# NCEES 2011(PE Mechanical)



## er-ygang (Dec 21, 2017)

Hello all,

Does anyone tell me more information (ISBN#, Book Name, or anything I could use to search from Amazon/Ebay to buy one) of NCEES 2011 for PE Exam, Mechanical, Thermal and Fluid Systems.

I am trying to buy one for my PE Exam Prep and I had spent a lot of time doing the research but I can only find the NCEES 2001 not NCEES 2011 or 2008.

Thank you

yg


----------



## Ramnares P.E. (Dec 22, 2017)

This looks like it:

https://www.amazon.com/PE-Mechanical-Engineering-Thermal-Practice/dp/1932613617


----------



## zakbos (Dec 27, 2017)

yg - Where were you able to find the 2001 exam?

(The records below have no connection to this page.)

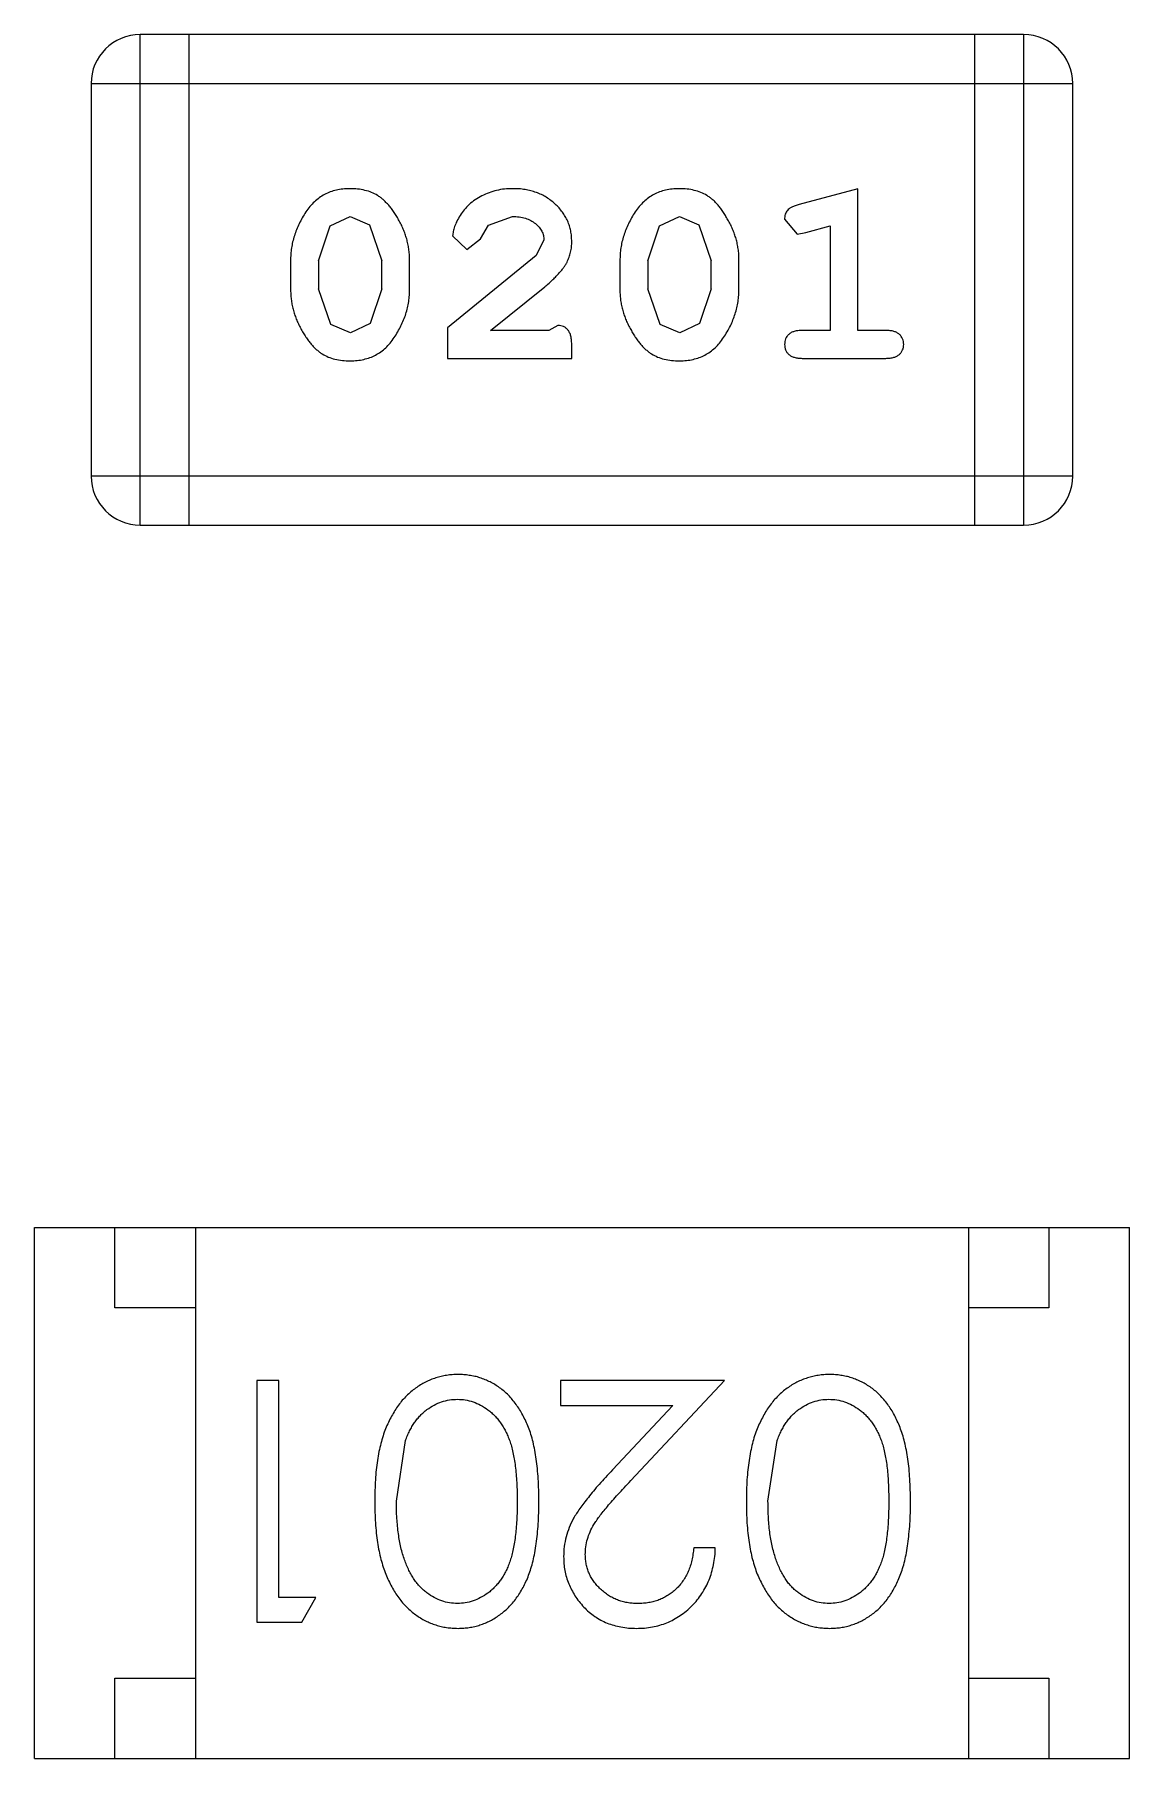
# Model space of a CAD drawing. Header units: millimetres. Extents: x -67 to 102, y -58 to 29.
# Drawn here: x 66.182 to 66.862, y -15.58 to -14.509 of the extents above; entities that cross this region are included whole.
import ezdxf

# ---------------------------------------------------------------- set-up
doc = ezdxf.new("R2010")
doc.units = ezdxf.units.MM
doc.header["$LTSCALE"] = 1.21
doc.header["$MEASUREMENT"] = 0
doc.layers.get('0').update_dxf_attribs({"linetype": 'CONTINUOUS'})

msp = doc.modelspace()

# ---------------------------------------------------------------- linework, layer by layer
at = {"color": 7, "linetype": 'Continuous'}
for p, q in [((66.7967, -14.5092), (66.2481, -14.5092)), ((66.2481, -14.814), (66.2481, -14.5092)), ((66.2785, -14.814), (66.2785, -14.5092)), ((66.7662, -14.5092), (66.7662, -14.814)), ((66.7967, -14.5092), (66.7967, -14.814)), ((66.2176, -14.5397), (66.8272, -14.5397)), ((66.2176, -14.5397), (66.2176, -14.7835)), ((66.8272, -14.7835), (66.8272, -14.5397)), ((66.6938, -14.605), (66.6573, -14.6148)), ((66.6938, -14.6931), (66.6938, -14.605)), ((66.3588, -14.6498), (66.366, -14.6281)), ((66.366, -14.6281), (66.3784, -14.6223)), ((66.3784, -14.6223), (66.3905, -14.6275)), ((66.3905, -14.6275), (66.3981, -14.6498)), ((66.4594, -14.6362), (66.4644, -14.6276)), ((66.4644, -14.6276), (66.4793, -14.6223)), ((66.5633, -14.6498), (66.5705, -14.6281)), ((66.5705, -14.6281), (66.5829, -14.6223)), ((66.5829, -14.6223), (66.595, -14.6275)), ((66.595, -14.6275), (66.6026, -14.6498)), ((66.6482, -14.624), (66.6561, -14.6333)), ((66.6615, -14.6322), (66.6765, -14.6281)), ((66.6765, -14.6281), (66.6765, -14.6931)), ((66.4421, -14.6343), (66.451, -14.6427)), ((66.451, -14.6427), (66.4594, -14.6362)), ((66.4988, -14.6368), (66.494, -14.6465)), ((66.6561, -14.6333), (66.6615, -14.6322)), ((66.3415, -14.6496), (66.3415, -14.6673)), ((66.3588, -14.6498), (66.3588, -14.6671)), ((66.3981, -14.6671), (66.3981, -14.6498)), ((66.4154, -14.6673), (66.4154, -14.6496)), ((66.494, -14.6465), (66.439, -14.6915)), ((66.546, -14.6496), (66.546, -14.6673)), ((66.5633, -14.6498), (66.5633, -14.6671)), ((66.6026, -14.6671), (66.6026, -14.6498)), ((66.6199, -14.6673), (66.6199, -14.6496)), ((66.3664, -14.6893), (66.3588, -14.6671)), ((66.3981, -14.6671), (66.3908, -14.6888)), ((66.4657, -14.6931), (66.4993, -14.666)), ((66.5709, -14.6893), (66.5633, -14.6671)), ((66.6026, -14.6671), (66.5954, -14.6888)), ((66.3786, -14.6946), (66.3664, -14.6893)), ((66.3908, -14.6888), (66.3786, -14.6946)), ((66.439, -14.6915), (66.439, -14.7104)), ((66.5019, -14.6931), (66.4657, -14.6931)), ((66.5074, -14.6899), (66.5019, -14.6931)), ((66.5831, -14.6946), (66.5709, -14.6893)), ((66.5954, -14.6888), (66.5831, -14.6946)), ((66.6765, -14.6931), (66.6592, -14.6931)), ((66.7112, -14.6931), (66.6938, -14.6931)), ((66.5161, -14.7104), (66.5161, -14.7025)), ((66.439, -14.7104), (66.5161, -14.7104)), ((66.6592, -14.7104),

I have had no luck digging that one up. Thanks


----------



## Audi Driver P.E. (Jan 2, 2018)

zakbos said:


> yg - Where were you able to find the 2001 exam? I have had no luck digging that one up. Thanks


It is out of print.  Old copies sell for big bucks.  They can be found on e-bay and there is a sub-forum here where folks sell books and other reference materials.  You might find one.


----------



## er-ygang (Feb 28, 2018)

thanks guys


----------